The trio of emissaries pulled out their Silvergates and squeezed for activation, bringing the gates to open mode. One of the gates showed up some kind of room, and one of the Deva hiccuped and moved away from the gate, letting it revert to blackness.
“At least I assume you will not have Setup this time,” Zontaºhar commented. He and the rest of the Deva barfly team wouldn’t have missed that for all the riches of the world.
“I hope so,” Varmatan, the other winner, said. “If I lose over two years of progression…”
Quandocor laughed.
“Maybe you switch builds. A different build on every world.”
“Or maybe it’s like Earth. You don’t get one on World,” Varmatan countered.
“I hope we have enough of the Interface to use Recall. We should, since we’ll have Gates inside. So, let’s see. All together… On three, on two… on one.”
The three Silvergates dropped on the ground, thumping without any bounce. Berkelyyan goggled.

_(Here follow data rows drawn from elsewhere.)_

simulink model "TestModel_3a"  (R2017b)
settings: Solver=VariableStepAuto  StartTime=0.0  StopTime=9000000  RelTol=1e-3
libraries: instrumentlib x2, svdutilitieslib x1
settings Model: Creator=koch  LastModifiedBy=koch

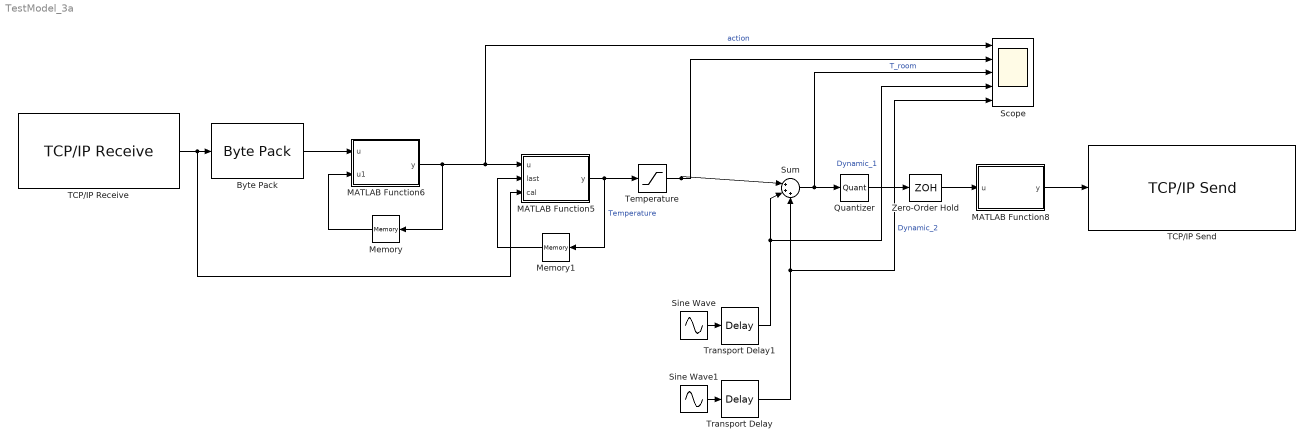
== system TestModel_3a ==
  Byte Pack : svdutilitieslib/Byte Pack  datatypes={'uint8'}  byteAlign=1  blockPlatform=arduinoert
      settings: SourceProductName=Simulink Support Package for Arduino Hardware  SourceProductBaseCode=ARDUINO
  MATLAB Function5 : MATLAB Function  TreatAsAtomicUnit=on
  MATLAB Function6 : MATLAB Function  TreatAsAtomicUnit=on
  MATLAB Function8 : MATLAB Function  TreatAsAtomicUnit=on
  Memory : Memory
  Memory1 : Memory  InitialCondition=24
  Quantizer : Quantizer  QuantizationInterval=0.1
  Scope : Scope  NumInputPorts=5
  Sine Wave : Sin  Amplitude=2  Frequency=0.00004  SampleTime=0
  Sine Wave1 : Sin  Amplitude=2  Frequency=0.0004  SampleTime=0
  Sum : Sum  Inputs=|+++
  TCP/IP Receive : instrumentlib/TCP//IP Receive  Host=localhost  Port=50000  DataSize=[1 1]  EnableBlockingMode=on  Timeout=10  SampleTime=200  DataType=uint8  ByteOrder=BigEndian
      settings: SourceProductName=Instrument Control Toolbox
  TCP/IP Send : instrumentlib/TCP//IP Send  Host=localhost  Port=50001  EnableBlockingMode=on  Timeout=10  ByteOrder=LittleEndian
      settings: SourceProductName=Instrument Control Toolbox
  Temperature : Saturate  UpperLimit=40  LowerLimit=15
  Transport Delay : TransportDelay  DelayTime=40000000
  Transport Delay1 : TransportDelay  DelayTime=20000000
  Zero-Order Hold : ZeroOrderHold  SampleTime=-1
  wires:
  Byte Pack/1 -> MATLAB Function6/1(u)
  Memory/1 -> MATLAB Function6/2(u1)
  TCP/IP Receive/1 -> MATLAB Function5/3(cal), Byte Pack/1
  Zero-Order Hold/1 -> MATLAB Function8/1(u)
  MATLAB Function8/1(y) -> TCP/IP Send/1
  Sum/1 -> Scope/3, Quantizer/1  "T_room"
  Sine Wave/1 -> Transport Delay1/1
  Transport Delay1/1 -> Scope/4, Sum/2  "Dynamic_1"
  Sine Wave1/1 -> Transport Delay/1
  Transport Delay/1 -> Scope/5, Sum/3  "Dynamic_2"
  Quantizer/1 -> Zero-Order Hold/1
  MATLAB Function6/1(y) -> Memory/1, Scope/1, MATLAB Function5/1(u)  "action"
  MATLAB Function5/1(y) -> Temperature/1, Memory1/1  "Temperature"
  Memory1/1 -> MATLAB Function5/2(last)
  Temperature/1 -> Sum/1, Scope/2

== matlab function TestModel_3a/MATLAB Function5 ==
  data: u input; y output; last input; cal input
function y = fcn(u,last,cal)

if cal > 0 
	k = 1;
else
    k = 0;
end


if u < 2 && k>0
    y = last;
    k = 0;
elseif 1 < u && u < 3 && k>0
    y = last -0.2;
    k = 0;
elseif 2 < u && k>0
    y = last+0.2;
    k = 0;
else
    y=last;
   
end
end

== matlab function TestModel_3a/MATLAB Function6 ==
  data: u input; y output; u1 input
function y  = fcn(u,u1)

u = double(u);
% zero is not a option so
if u > 0
    y = u;
else
    y = u1;
end

== matlab function TestModel_3a/MATLAB Function8 ==
  data: u input; y output
function y = fcn(u)


y = [u,4.5,4.6,4.7,4.8];

“What just happened? They bounced back to Earth or what?”
Gamantºhal’s neck slightly stretched in surprise.
“Maybe our gates are incompatible after all,” he mused.
He bent over the ground and picked one of the fallen Silvergates, then jumped back in surprise as the Gate inflated into a black sphere.
“What the…” Jonkartman exclaimed.
The blackened sphere remained open. Then Berkleyyan swore and approached, and the sphere’s view changed to a slightly sunny view.
“That’s… my courtyard. Back on Earth,” he said.
Gamantºhal’s neck stretched again.
“It’s… your Gate?”
Berkleyyan placed his hand on the sphere without any effect. In the worst case, he might have been swallowed by the “event horizon” of the Silvergates, but it looked like it wasn’t happening, just like Gamantºhal and the original Gates when activated by humans.
“No. But it’s a Silvergate leading back to Earth, like the one I use. I mean, presumably, like the one I’m currently using, even if I don’t hold it.”
He squinted, trying to remember exactly who had been standing where.
“It should be Quandocor’s. When he used the Gate to World… I think his Gate back to Earth got left behind.”
Zontaºhar whistled, a sound similar to a human.
“You can have only one Gate active at a time.”
“Yes, they don’t stack… but if he’s lost his Gate… how is he going to go back?”
Gamantºhal barked in amusement.
“Well, we now have two Gates usable for Earth and one for Nest now. We’ll see when they return, but I think they can use those again.”
Goglas looked at Gamantºhal oddly. She then asked, “Not tempted?”
“What? No. Unless you’ve made preliminary arrangements back on your… Earth, I’d rather not risk being seen as an intruder to be caught and arrested.”
He added, “Still, it suggests that you should be able to allow more people to Earth or Nest. If you can swap Gates, you don’t need people dying.”